My conscience has been asking me the same question. If Ji had found me at the time, would I have told his story? The story's chances of being chosen in a news pitch meeting would have been very small because it would not have been influential enough. It's too common today. I remember a sentence from a news textbook: "Dog bites man" is not news; "man bites dog" is news. Ji's experience was a dog-bites-man story.
Today, "man bites dog" news has become common. Tragedies happen every day. A reporter can only write stories that her editor will agree to publish, and different media outlets have different standards. This state of affairs is also a way of relieving our guilty consciences.
The media is not so big and strong. There's a hand over our throat. Reporters have to race against official restrictions. Sometimes before our voices can be heard, the news has been drowned out. That's just the way things are. The state's information mechanisms are closed off. The dark side of a story is often hidden away. Certain people always figure out some way to prevent media supervision. They are unbelievably shameless.

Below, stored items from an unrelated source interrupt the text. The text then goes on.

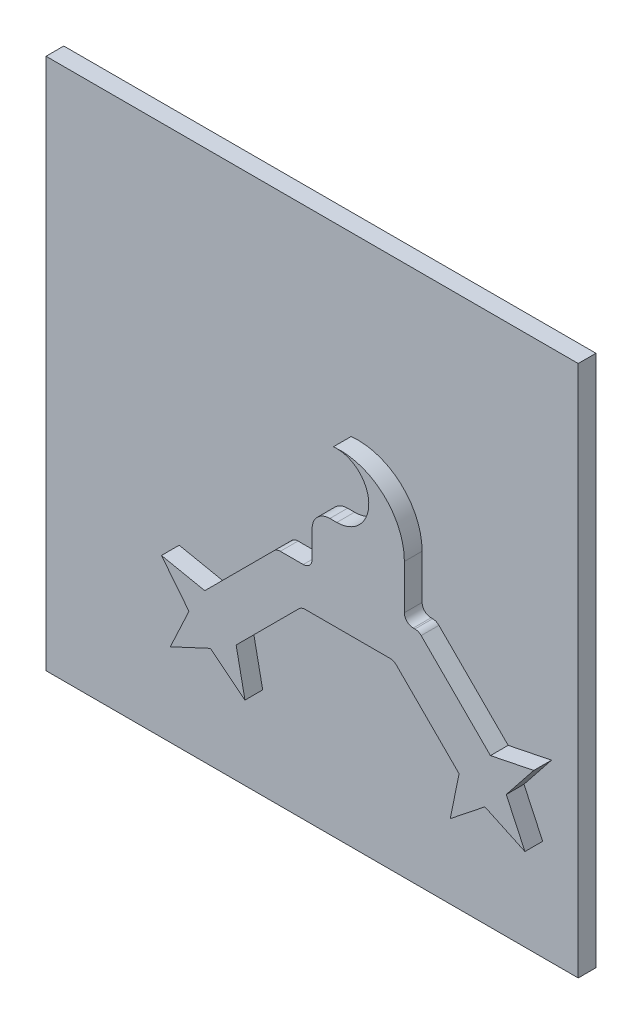
SolidWorks part; units mm, degrees
material "Obyčejná uhlíková ocel"
ref_plane "Přední rovina" through (0, 0, 0) normal (0, 0, 1) x (1, 0, 0)
ref_plane "Horní rovina" through (0, 0, 0) normal (0, 1, 0) x (1, 0, 0)
ref_plane "Pravá rovina" through (0, 0, 0) normal (1, 0, 0) x (0, 0, -1)
sketch "Skica1" plane through (0, 0, 0) normal (0, 0, 1) x (1, 0, 0)
  line L1 (0, 0) -> (300, 0)
  line L2 (0, 0) -> (0, 300)
  line L3 (0, 300) -> (300, 300)
  line L4 (300, 0) -> (300, 300)
  dimension "D1" = 300
extrude "Přidat vysunutím1" add sketch "Skica1" along normal blind 10
sketch "Skica3" plane through (0, 0, 10) normal (0, 0, 1) x (1, 0, 0)
  line L69 (0, 300) -> (0, 0) construction
  line L70 (99.4835, 93.8388) -> (138.5355, 132.8909)
  line L74 (102.6269, 67.2491) -> (117.1612, 76.1612) construction
  line L77 (221.4645, 132.8909) -> (260.5165, 93.8388)
  line L84 (242.8388, 76.1612) -> (207.4645, 111.5355)
  line L85 (203.9289, 113) -> (156.0711, 113)
  line L86 (152.5355, 111.5355) -> (117.1612, 76.1612)
  line L87 (117.1612, 76.1612) -> (122.1369, 51.7388)
  line L89 (102.6269, 67.2491) -> (80.0381, 56.7157)
  line L90 (80.0381, 56.7157) -> (90.5714, 79.3046)
  line L92 (75.0612, 98.8146) -> (99.4835, 93.8388)
  line L94 (170, 164.3553) -> (173.8947, 164.3553)
  line L96 (0, 0) -> (300, 0) construction
  line L97 (300, 0) -> (300, 300) construction
  line L98 (140, 134.3553) -> (220, 134.3553) construction
  line L99 (80.0381, 56.7157) -> (108.3223, 85) construction
  line L100 (99.4835, 93.8388) -> (117.1612, 76.1612) construction
  line L101 (90.5714, 79.3046) -> (102.6269, 67.2491) construction
  line L102 (102.6269, 67.2491) -> (122.1369, 51.7388)
  line L103 (75.0612, 98.8146) -> (90.5714, 79.3046)
  line L104 (142.0711, 134.3553) -> (155, 134.3553)
  line L105 (160, 139.3553) -> (160, 154.3553)
  line L106 (217.9289, 134.3553) -> (217, 134.3553)
  line L107 (212, 139.3553) -> (212, 164.3553)
  line L108 (180, 113) -> (180, 42.2966) construction
  line L109 (284.9388, 98.8146) -> (260.5165, 93.8388)
  line L110 (284.9388, 98.8146) -> (269.4286, 79.3046)
  line L111 (279.9619, 56.7157) -> (269.4286, 79.3046)
  line L112 (257.3731, 67.2491) -> (279.9619, 56.7157)
  line L113 (257.3731, 67.2491) -> (237.8631, 51.7388)
  line L114 (242.8388, 76.1612) -> (237.8631, 51.7388)
  arc A60 (212, 164.3553) -> (172, 200.3553) centre (175.8, 164.3553) ccw
  arc A61 (172, 200.3553) -> (173.8947, 164.3553) centre (173.8947, 182.4052) cw
  arc A63 (170, 164.3553) -> (160, 154.3553) centre (170, 154.3553) ccw
  arc A64 (217, 134.3553) -> (212, 139.3553) centre (217, 139.3553) cw
  arc A65 (217.9289, 134.3553) -> (221.4645, 132.8909) centre (217.9289, 129.3553) cw
  arc A66 (155, 134.3553) -> (160, 139.3553) centre (155, 139.3553) ccw
  arc A67 (207.4645, 111.5355) -> (203.9289, 113) centre (203.9289, 108) ccw
  arc A68 (156.0711, 113) -> (152.5355, 111.5355) centre (156.0711, 108) ccw
  arc A69 (138.5355, 132.8909) -> (142.0711, 134.3553) centre (142.0711, 129.3553) cw
  point P26 (180, 134.3553)
  point P27 (180, 113)
  point P34 (96.5992, 73.2768)
  point P46 (212, 134.3553)
  point P52 (160, 134.3553)
  point P55 (206, 113)
  point P58 (154, 113)
  dimension "D2" = 113
  dimension "D3" = 120
  dimension "D12" = 10
  dimension "D18" = 5
  dimension "D4" = 52
  dimension "D5" = 80
  dimension "D6" = 135
  dimension "D7" = 25
  dimension "D8" = 85
  dimension "D9" = 108.3223
  dimension "D10" = 40
  dimension "D11" = 140
  dimension "D13" = 20
  dimension "D14" = 8
  dimension "D15" = 30
  dimension "D16" = 36
  dimension "D17" = 40
extrude "Přidat vysunutím3" add sketch "Skica3" along normal blind 10
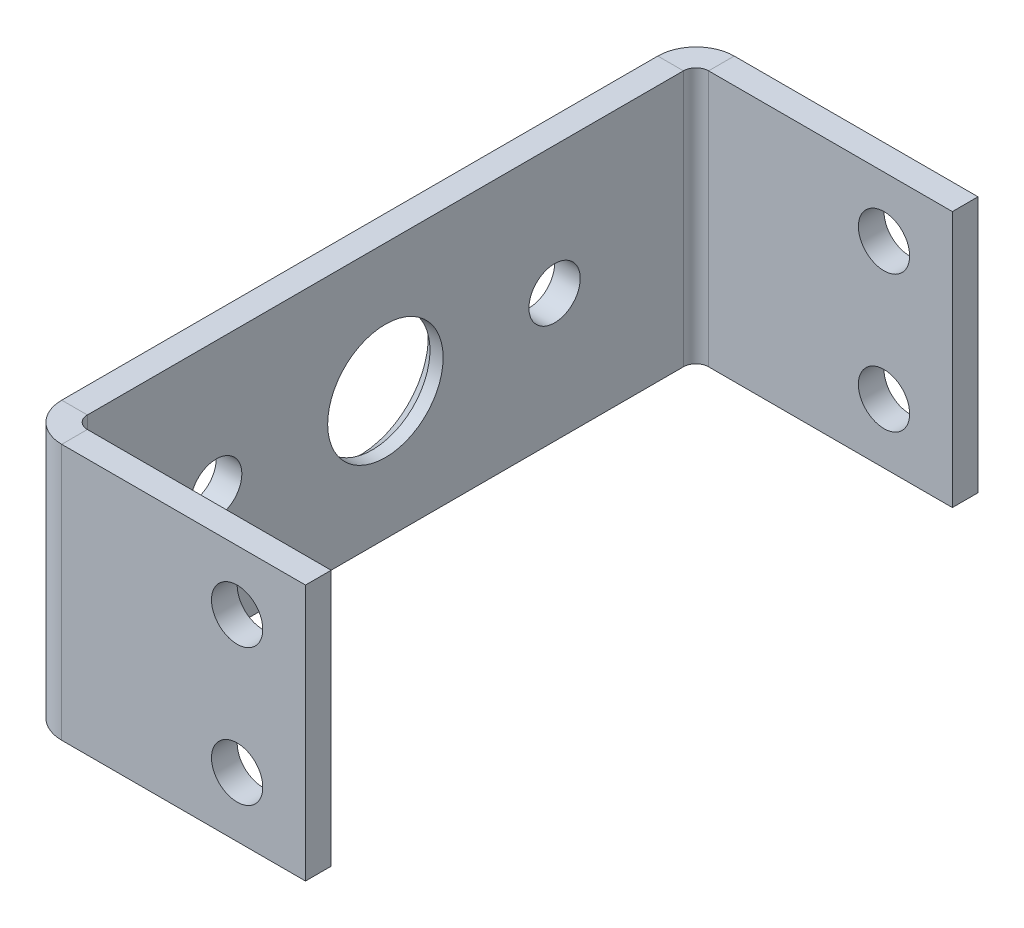
SolidWorks part; units mm, degrees
note: The reader was unsure of these and kept them because the rebuilt part matched: bend radius of "Pliegue base3", "Pliegue base4".
material "ABS"
ref_plane "Alzado" through (0, 0, 0) normal (0, 0, 1) x (1, 0, 0)
ref_plane "Planta" through (0, 0, 0) normal (0, 1, 0) x (1, 0, 0)
ref_plane "Vista lateral" through (0, 0, 0) normal (1, 0, 0) x (0, 0, -1)
sketch "Croquis1" plane through (122.0524, 0, 0) normal (0, 1, 0) x (1, 0, 0)
  line L0 (-107.0524, 18.175) -> (-122.0524, 18.175)
  line L2 (-122.0524, 18.175) -> (-122.0524, -18.175)
  line L3 (-122.0524, -18.175) -> (-107.0524, -18.175)
  dimension "D1" = 15
  dimension "D2" = 36.35
base flange "Brida base2" sketch "Croquis1" end condition mid plane depth 15 reverse direction no thickness 1.5 reverse thickness direction no bend radius 0.7366
bend "Pliegue base3" bend radius 0.7366 bend angle 90 parameters "D5"=1
bend "Pliegue base4" bend radius 0.7366 bend angle 90 parameters "D5"=2
sketch "Croquis10" plane through (0, 0, -19.675) normal (0, 0, -1) x (-1, 0, 0)
  line L0 (-11, 4) -> (-11, -4) construction
  line L1 (-15, 7.5) -> (-15, -7.5) construction
  circle A0 centre (-11, 4) radius 1.5
  circle A1 centre (-11, -4) radius 1.5
  point P10 (-11, 0)
  dimension "D1" = 3
  dimension "D2" = 8
  dimension "D3" = 4
extrude "Cortar-Extruir1" cut sketch "Croquis10" against normal through all normal cut yes
sketch "Croquis13" plane through (0, 0, 0) normal (1, 0, 0) x (0, 0, 1)
  line L0 (-17.4384, 0) -> (-9.9, 0) construction
  line L3 (-17.4384, -7.5) -> (-17.4384, 7.5) construction
  line L4 (-9.9, 0) -> (9.9, 0) construction
  line L5 (9.9, 0) -> (17.4384, 0) construction
  line L6 (17.4384, -7.5) -> (17.4384, 7.5) construction
  circle A0 centre (-9.9, 0) radius 1.5
  circle A1 centre (9.9, 0) radius 1.5
  dimension "D1" = 19.8
  dimension "D2" = 3
extrude "Cortar-Extruir2" cut sketch "Croquis13" against normal up to next normal cut yes
sketch "Croquis14" plane through (-1.5, 0, 0) normal (-1, 0, 0) x (0, 0, 1)
  circle A0 centre (0, 0) radius 3.56
  dimension "D1" = 7.12
sketch "Croquis18" plane through (-1.5, 0, 0) normal (-1, 0, 0) x (0, 0, 1)
  point P0 (0, 0)
sketch "Croquis23" plane through (-1.5, 0, 0) normal (-1, 0, 0) x (0, 0, 1)
  point P0 (0, 0)
hole_wizard "Taladro de margen para 1/41" positions "Croquis23" profile "Croquis20" hole size "1/4" standard "Ansi Inch"
sketch "Croquis20" plane through (-1.5, 0, 0) normal (0, 1, 0) x (0, 0, 1)
  line L0 (0, 0) -> (0, 5.6798)
  line L1 (0, 5.6798) -> (3.3782, 3.65)
  line L2 (3.3782, 3.65) -> (3.3782, 0.7305)
  line L3 (3.3782, 0.7305) -> (4.0132, 0)
  line L5 (4.0132, 0) -> (0, 0)
  line L6 (-3.3782, 0.7305) -> (-4.0132, 0) construction
  line L10 (0, 5.6798) -> (-3.3782, 3.65) construction
  line L11 (0, -6.35) -> (0, 107.95) construction
  dimension "Diámetro de taladro" = 6.7564
  dimension "Profundidad de taladro" = 3.65
  dimension "Diámetro de avellanado cercano" = 8.0264
  dimension "Ángulo de avellanado cercano" = 82
  dimension "Ángulo de perforador" = 118
sketch "Líneas de pliegue3" plane through (0, 0, 0) normal (0, 1, 0) x (1, 0, 0)
sketch "Cuadro delimitador3" plane through (0, 0, 0) normal (0, 1, 0) x (1, 0, 0)
sheet metal parameters "Chapa metálica(2)" thickness 1.5 parameters "D1"=0.7366
flat pattern "Chapa desplegada(2)" [suppressed]
sketch "Líneas de pliegue4" plane through (0, 0, 0) normal (0, 1, 0) x (1, 0, 0)
sketch "Cuadro delimitador4" [suppressed] plane through (0, 0, 0) normal (0, 1, 0) x (1, 0, 0)
bend of the flat pattern "Aplanar-<Pliegue base3>1"
bend of the flat pattern "Aplanar-<Pliegue base4>1"
sheet metal parameters "Chapa metálica(3)" thickness 1.5 parameters "D1"=0.7366
flat pattern "Chapa desplegada(2)" [suppressed]
sketch "Líneas de pliegue5" plane through (0, 0, 0) normal (0, 1, 0) x (1, 0, 0)
sketch "Cuadro delimitador5" [suppressed] plane through (0, 0, 0) normal (0, 1, 0) x (1, 0, 0)
bend of the flat pattern "Aplanar-<Pliegue base3>2"
bend of the flat pattern "Aplanar-<Pliegue base4>2"
sheet metal parameters "Chapa metálica(4)" thickness 1.5 parameters "D1"=0.7366
flat pattern "Chapa desplegada(2)" [suppressed]
sketch "Líneas de pliegue6" plane through (0, 0, 0) normal (0, 1, 0) x (1, 0, 0)
sketch "Cuadro delimitador6" [suppressed] plane through (0, 0, 0) normal (0, 1, 0) x (1, 0, 0)
bend of the flat pattern "Aplanar-<Pliegue base3>3"
bend of the flat pattern "Aplanar-<Pliegue base4>3"
sheet metal parameters "Chapa metálica(7)" thickness 1.5 parameters "D1"=0.7366
flat pattern "Chapa desplegada(2)" [suppressed]
sketch "Líneas de pliegue6" plane through (0, 0, 0) normal (0, 1, 0) x (1, 0, 0)
sketch "Cuadro delimitador6" [suppressed] plane through (0, 0, 0) normal (0, 1, 0) x (1, 0, 0)
bend of the flat pattern "Aplanar-<Pliegue base3>3"
bend of the flat pattern "Aplanar-<Pliegue base4>3"

I know from experience as a reporter that these people will never sacrifice their way of life for some idealistic sense of justice. I admit that I, too, am weak. I do not have the energy to spend my life struggling for justice.
My uncle is all alone and over 70 years old. His house has been demolished and he has not received a cent of compensation, so now he's destitute and homeless. When I was on maternity leave, I represented him in a lawsuit. We lost twice. Still, I would not let this old man petition. I thought that pursuing the state's empty promise of a right to petition was just a dead end.
I realized that when public rights are unfairly denied, it is too easy for a person in despair to fall back on private help. When I was in court, in front of the defendant, I wanted to use every bit of strength I had to slap him across the face. But unexpectedly, I stayed rational. I smacked the table instead.
The village elders all asked me: "Aren't you a reporter? Why don't you tell people what's going on here?"

This was my answer: "These years, because of rampant demolitions, so many people have burned themselves to death or been crushed to death or jumped off buildings. Who's going to care about my uncle's story?"
After a man set a bus on fire in Xiamen in June, I interviewed Wu Boxin, an expert in criminal psychology from the Public Security University. He said that individual terrorists are often people with nothing left to live for.
"These people were not innately criminal. Most of them were originally workers or peasants. Our political system was founded on the power of the workers and peasants. How can we abandon them now?"